You see, the flood of fruit at breakfast, lunch and dinner, either as part of an entrée or in some sort of side dish, was bad enough. Then came the mango juices and jellies, and oh that horrid Scrumptious Mango Pie last Thanksgiving. I would have to say though, that the worst was the evening I came home from work and caught her in the living room enjoying one of the fresh, juicy orbs alone.
But to say she was enjoying it would understate my point. She was enraptured by it, involved in it. Without a sound, I stuck to the shadows, leering as she bit slowly into the viscous flesh, savoring the piece, refusing to swallow the juice. The runny liquid flowed down her chin as she took her second bite. The look on her face was one I had not seen since our wedding night. If I didn’t know her better, I would have said she found the food erotic. I watched her relish each subsequent mouthful, never swallowing that damn liquid, instead letting it soak her light blouse. She would massage the flavorful fluid into the fabric covering her tender breasts. Was this something new, or had she been taking pleasure in this activity since before I had met her? Either way, I was becoming jealous of a frigging fruit.

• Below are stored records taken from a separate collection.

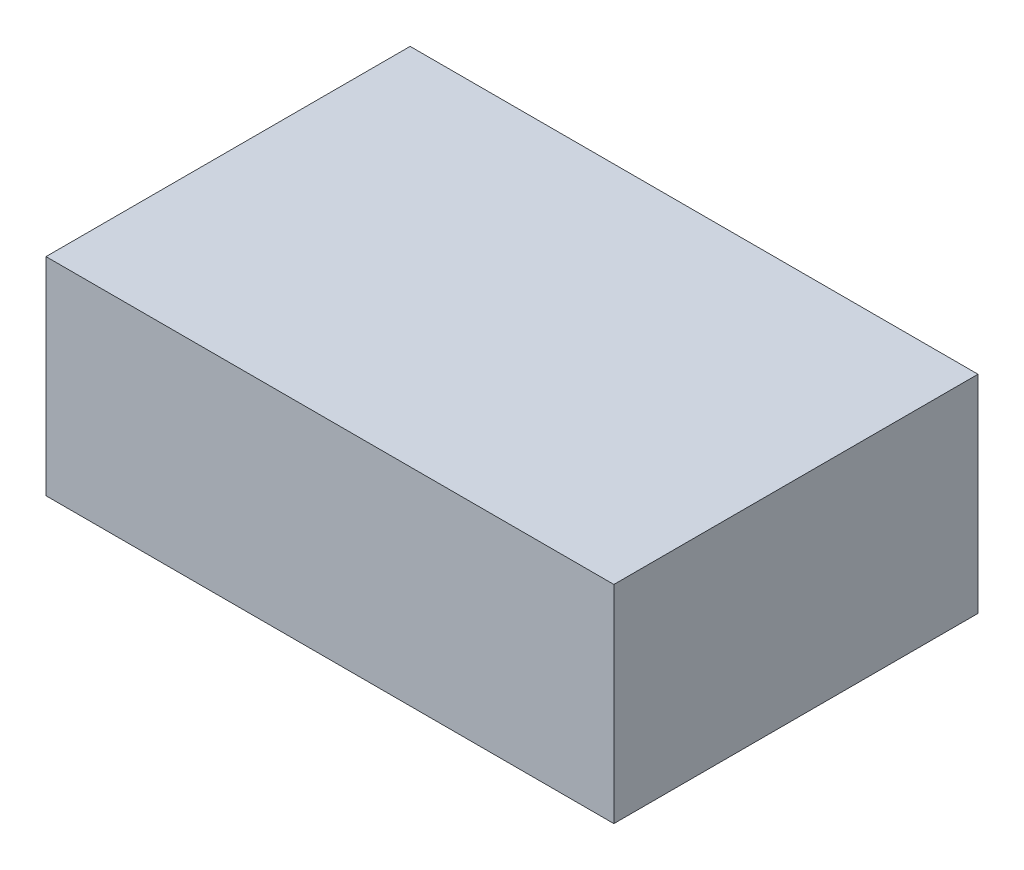
ISO-10303-21;
HEADER;
FILE_DESCRIPTION(('STEP AP214'),'2;1');
FILE_NAME('part.step','',(''),(''),'','','');
FILE_SCHEMA(('AUTOMOTIVE_DESIGN { 1 0 10303 214 1 1 1 1 }'));
ENDSEC;
DATA;
#1=APPLICATION_CONTEXT('core data for automotive mechanical design processes');
#2=APPLICATION_PROTOCOL_DEFINITION('international standard','automotive_design',2000,#1);
#3=PRODUCT_CONTEXT('',#1,'mechanical');
#4=PRODUCT('Part','Part','',(#3));
#5=PRODUCT_RELATED_PRODUCT_CATEGORY('part','',(#4));
#6=PRODUCT_DEFINITION_FORMATION('','',#4);
#7=PRODUCT_DEFINITION_CONTEXT('part definition',#1,'design');
#8=PRODUCT_DEFINITION('design','',#6,#7);
#9=PRODUCT_DEFINITION_SHAPE('','',#8);
#10=(LENGTH_UNIT() NAMED_UNIT(*) SI_UNIT(.MILLI.,.METRE.));
#11=(NAMED_UNIT(*) PLANE_ANGLE_UNIT() SI_UNIT($,.RADIAN.));
#12=(NAMED_UNIT(*) SI_UNIT($,.STERADIAN.) SOLID_ANGLE_UNIT());
#13=UNCERTAINTY_MEASURE_WITH_UNIT(LENGTH_MEASURE(1.E-05),#10,'distance_accuracy_value','');
#14=(GEOMETRIC_REPRESENTATION_CONTEXT(3) GLOBAL_UNCERTAINTY_ASSIGNED_CONTEXT((#13)) GLOBAL_UNIT_ASSIGNED_CONTEXT((#10,
#11,#12)) REPRESENTATION_CONTEXT('',''));
#15=CARTESIAN_POINT('',(0.,0.,0.));
#16=DIRECTION('',(0.,0.,1.));
#17=DIRECTION('',(1.,0.,0.));
#18=AXIS2_PLACEMENT_3D('',#15,#16,#17);
#19=CARTESIAN_POINT('',(0.,31.88,0.));
#20=DIRECTION('',(1.,0.,0.));
#21=DIRECTION('',(0.,0.,-1.));
#22=AXIS2_PLACEMENT_3D('',#19,#20,#21);
#23=PLANE('',#22);
#24=DIRECTION('',(0.,0.,1.));
#25=VECTOR('',#24,1.);
#26=CARTESIAN_POINT('',(0.,0.,0.));
#27=LINE('',#26,#25);
#28=CARTESIAN_POINT('',(0.,0.,-56.04));
#29=VERTEX_POINT('',#28);
#30=CARTESIAN_POINT('',(0.,0.,0.));
#31=VERTEX_POINT('',#30);
#32=EDGE_CURVE('E100',#29,#31,#27,.T.);
#33=ORIENTED_EDGE('',*,*,#32,.T.);
#34=DIRECTION('',(0.,-1.,0.));
#35=VECTOR('',#34,1.);
#36=CARTESIAN_POINT('',(0.,31.88,0.));
#37=LINE('',#36,#35);
#38=CARTESIAN_POINT('',(0.,31.88,0.));
#39=VERTEX_POINT('',#38);
#40=EDGE_CURVE('E11',#39,#31,#37,.T.);
#41=ORIENTED_EDGE('',*,*,#40,.F.);
#42=DIRECTION('',(0.,0.,1.));
#43=VECTOR('',#42,1.);
#44=CARTESIAN_POINT('',(0.,31.88,0.));
#45=LINE('',#44,#43);
#46=CARTESIAN_POINT('',(0.,31.88,-56.04));
#47=VERTEX_POINT('',#46);
#48=EDGE_CURVE('E88',#47,#39,#45,.T.);
#49=ORIENTED_EDGE('',*,*,#48,.F.);
#50=DIRECTION('',(0.,-1.,0.));
#51=VECTOR('',#50,1.);
#52=CARTESIAN_POINT('',(0.,31.88,-56.04));
#53=LINE('',#52,#51);
#54=EDGE_CURVE('E96',#47,#29,#53,.T.);
#55=ORIENTED_EDGE('',*,*,#54,.T.);
#56=EDGE_LOOP('',(#33,#41,#49,#55));
#57=FACE_BOUND('',#56,.T.);
#58=ADVANCED_FACE('F37',(#57),#23,.F.);
#59=CARTESIAN_POINT('',(0.,31.88,0.));
#60=DIRECTION('',(0.,0.,-1.));
#61=DIRECTION('',(-1.,0.,0.));
#62=AXIS2_PLACEMENT_3D('',#59,#60,#61);
#63=PLANE('',#62);
#64=DIRECTION('',(1.,0.,0.));
#65=VECTOR('',#64,1.);
#66=CARTESIAN_POINT('',(0.,0.,0.));
#67=LINE('',#66,#65);
#68=CARTESIAN_POINT('',(87.4,0.,0.));
#69=VERTEX_POINT('',#68);
#70=EDGE_CURVE('E92',#31,#69,#67,.T.);
#71=ORIENTED_EDGE('',*,*,#70,.T.);
#72=DIRECTION('',(0.,-1.,0.));
#73=VECTOR('',#72,1.);
#74=CARTESIAN_POINT('',(87.4,31.88,0.));
#75=LINE('',#74,#73);
#76=CARTESIAN_POINT('',(87.4,31.88,0.));
#77=VERTEX_POINT('',#76);
#78=EDGE_CURVE('E45',#77,#69,#75,.T.);
#79=ORIENTED_EDGE('',*,*,#78,.F.);
#80=DIRECTION('',(1.,0.,0.));
#81=VECTOR('',#80,1.);
#82=CARTESIAN_POINT('',(0.,31.88,0.));
#83=LINE('',#82,#81);
#84=EDGE_CURVE('E83',#39,#77,#83,.T.);
#85=ORIENTED_EDGE('',*,*,#84,.F.);
#86=ORIENTED_EDGE('',*,*,#40,.T.);
#87=EDGE_LOOP('',(#71,#79,#85,#86));
#88=FACE_BOUND('',#87,.T.);
#89=ADVANCED_FACE('F91',(#88),#63,.F.);
#90=CARTESIAN_POINT('',(87.4,31.88,0.));
#91=DIRECTION('',(-1.,0.,0.));
#92=DIRECTION('',(0.,0.,1.));
#93=AXIS2_PLACEMENT_3D('',#90,#91,#92);
#94=PLANE('',#93);
#95=DIRECTION('',(0.,0.,-1.));
#96=VECTOR('',#95,1.);
#97=CARTESIAN_POINT('',(87.4,0.,0.));
#98=LINE('',#97,#96);
#99=CARTESIAN_POINT('',(87.4,0.,-56.04));
#100=VERTEX_POINT('',#99);
#101=EDGE_CURVE('E70',#69,#100,#98,.T.);
#102=ORIENTED_EDGE('',*,*,#101,.T.);
#103=DIRECTION('',(0.,-1.,0.));
#104=VECTOR('',#103,1.);
#105=CARTESIAN_POINT('',(87.4,31.88,-56.04));
#106=LINE('',#105,#104);
#107=CARTESIAN_POINT('',(87.4,31.88,-56.04));
#108=VERTEX_POINT('',#107);
#109=EDGE_CURVE('E93',#108,#100,#106,.T.);
#110=ORIENTED_EDGE('',*,*,#109,.F.);
#111=DIRECTION('',(0.,0.,-1.));
#112=VECTOR('',#111,1.);
#113=CARTESIAN_POINT('',(87.4,31.88,0.));
#114=LINE('',#113,#112);
#115=EDGE_CURVE('E86',#77,#108,#114,.T.);
#116=ORIENTED_EDGE('',*,*,#115,.F.);
#117=ORIENTED_EDGE('',*,*,#78,.T.);
#118=EDGE_LOOP('',(#102,#110,#116,#117));
#119=FACE_BOUND('',#118,.T.);
#120=ADVANCED_FACE('F94',(#119),#94,.F.);
#121=CARTESIAN_POINT('',(0.,31.88,-56.04));
#122=DIRECTION('',(0.,0.,1.));
#123=DIRECTION('',(1.,0.,0.));
#124=AXIS2_PLACEMENT_3D('',#121,#122,#123);
#125=PLANE('',#124);
#126=DIRECTION('',(-1.,0.,0.));
#127=VECTOR('',#126,1.);
#128=CARTESIAN_POINT('',(0.,0.,-56.04));
#129=LINE('',#128,#127);
#130=EDGE_CURVE('E76',#100,#29,#129,.T.);
#131=ORIENTED_EDGE('',*,*,#130,.T.);
#132=ORIENTED_EDGE('',*,*,#54,.F.);
#133=DIRECTION('',(-1.,0.,0.));
#134=VECTOR('',#133,1.);
#135=CARTESIAN_POINT('',(0.,31.88,-56.04));
#136=LINE('',#135,#134);
#137=EDGE_CURVE('E53',#108,#47,#136,.T.);
#138=ORIENTED_EDGE('',*,*,#137,.F.);
#139=ORIENTED_EDGE('',*,*,#109,.T.);
#140=EDGE_LOOP('',(#131,#132,#138,#139));
#141=FACE_BOUND('',#140,.T.);
#142=ADVANCED_FACE('F107',(#141),#125,.F.);
#143=CARTESIAN_POINT('',(0.,31.88,0.));
#144=DIRECTION('',(0.,-1.,0.));
#145=DIRECTION('',(0.,0.,-1.));
#146=AXIS2_PLACEMENT_3D('',#143,#144,#145);
#147=PLANE('',#146);
#148=ORIENTED_EDGE('',*,*,#48,.T.);
#149=ORIENTED_EDGE('',*,*,#84,.T.);
#150=ORIENTED_EDGE('',*,*,#115,.T.);
#151=ORIENTED_EDGE('',*,*,#137,.T.);
#152=EDGE_LOOP('',(#148,#149,#150,#151));
#153=FACE_BOUND('',#152,.T.);
#154=ADVANCED_FACE('F84',(#153),#147,.F.);
#155=CARTESIAN_POINT('',(0.,0.,0.));
#156=DIRECTION('',(0.,-1.,0.));
#157=DIRECTION('',(0.,0.,-1.));
#158=AXIS2_PLACEMENT_3D('',#155,#156,#157);
#159=PLANE('',#158);
#160=ORIENTED_EDGE('',*,*,#32,.F.);
#161=ORIENTED_EDGE('',*,*,#130,.F.);
#162=ORIENTED_EDGE('',*,*,#101,.F.);
#163=ORIENTED_EDGE('',*,*,#70,.F.);
#164=EDGE_LOOP('',(#160,#161,#162,#163));
#165=FACE_BOUND('',#164,.T.);
#166=ADVANCED_FACE('F110',(#165),#159,.T.);
#167=CLOSED_SHELL('',(#58,#89,#120,#142,#154,#166));
#168=MANIFOLD_SOLID_BREP('B2',#167);
#169=ADVANCED_BREP_SHAPE_REPRESENTATION('',(#18,#168),#14);
#170=SHAPE_DEFINITION_REPRESENTATION(#9,#169);
ENDSEC;
END-ISO-10303-21;

So began my quest for an end to her unfaithfulness. Each night before bed, My Love would have me cut her a mango into sections. Bite-sized morsels were her preference, skin off and the pit thrown out. This evening as hundreds of others, the first couple she would want fed to her. I would once again cringe with an uncomfortable smile, watching her devour each soggy piece. She was not subtle about the action either; not shy about slurping the nibbles, sucking on them with a voracious, sickening sound. The son-of-a-bitching fruit gets the pleasure I should be receiving and gives the joy I should be returning.
So here I stand, preparing the dessert once again for the girl I love. The blade in my hand is much larger than I need to carve the succulent fruit, and those unaware might even call it overkill. I am quite sure however that the mango will not be its only intended victim this evening. A quiet laugh streams from my throat as I watch the mango bleed onto the platter, thinking to myself how sweet the revenge will be — and I snicker at the double entendre. I have had enough of cutting and feeding the spongy scraps to my Sweets, watching her night after night in a dripping, gooey, fruity orgasm.
Finally, the pieces are perfect and ready for her. I have cut them into almost exact squares, lining them up like ripe little soldiers. The mango, the knife and I then make our way to the bedroom. I am now ready to free her from the unnatural control the fruit has over My Love. Tonight I will join her for the slurpy evening of conscious infidelity and this time I am going to enjoy it.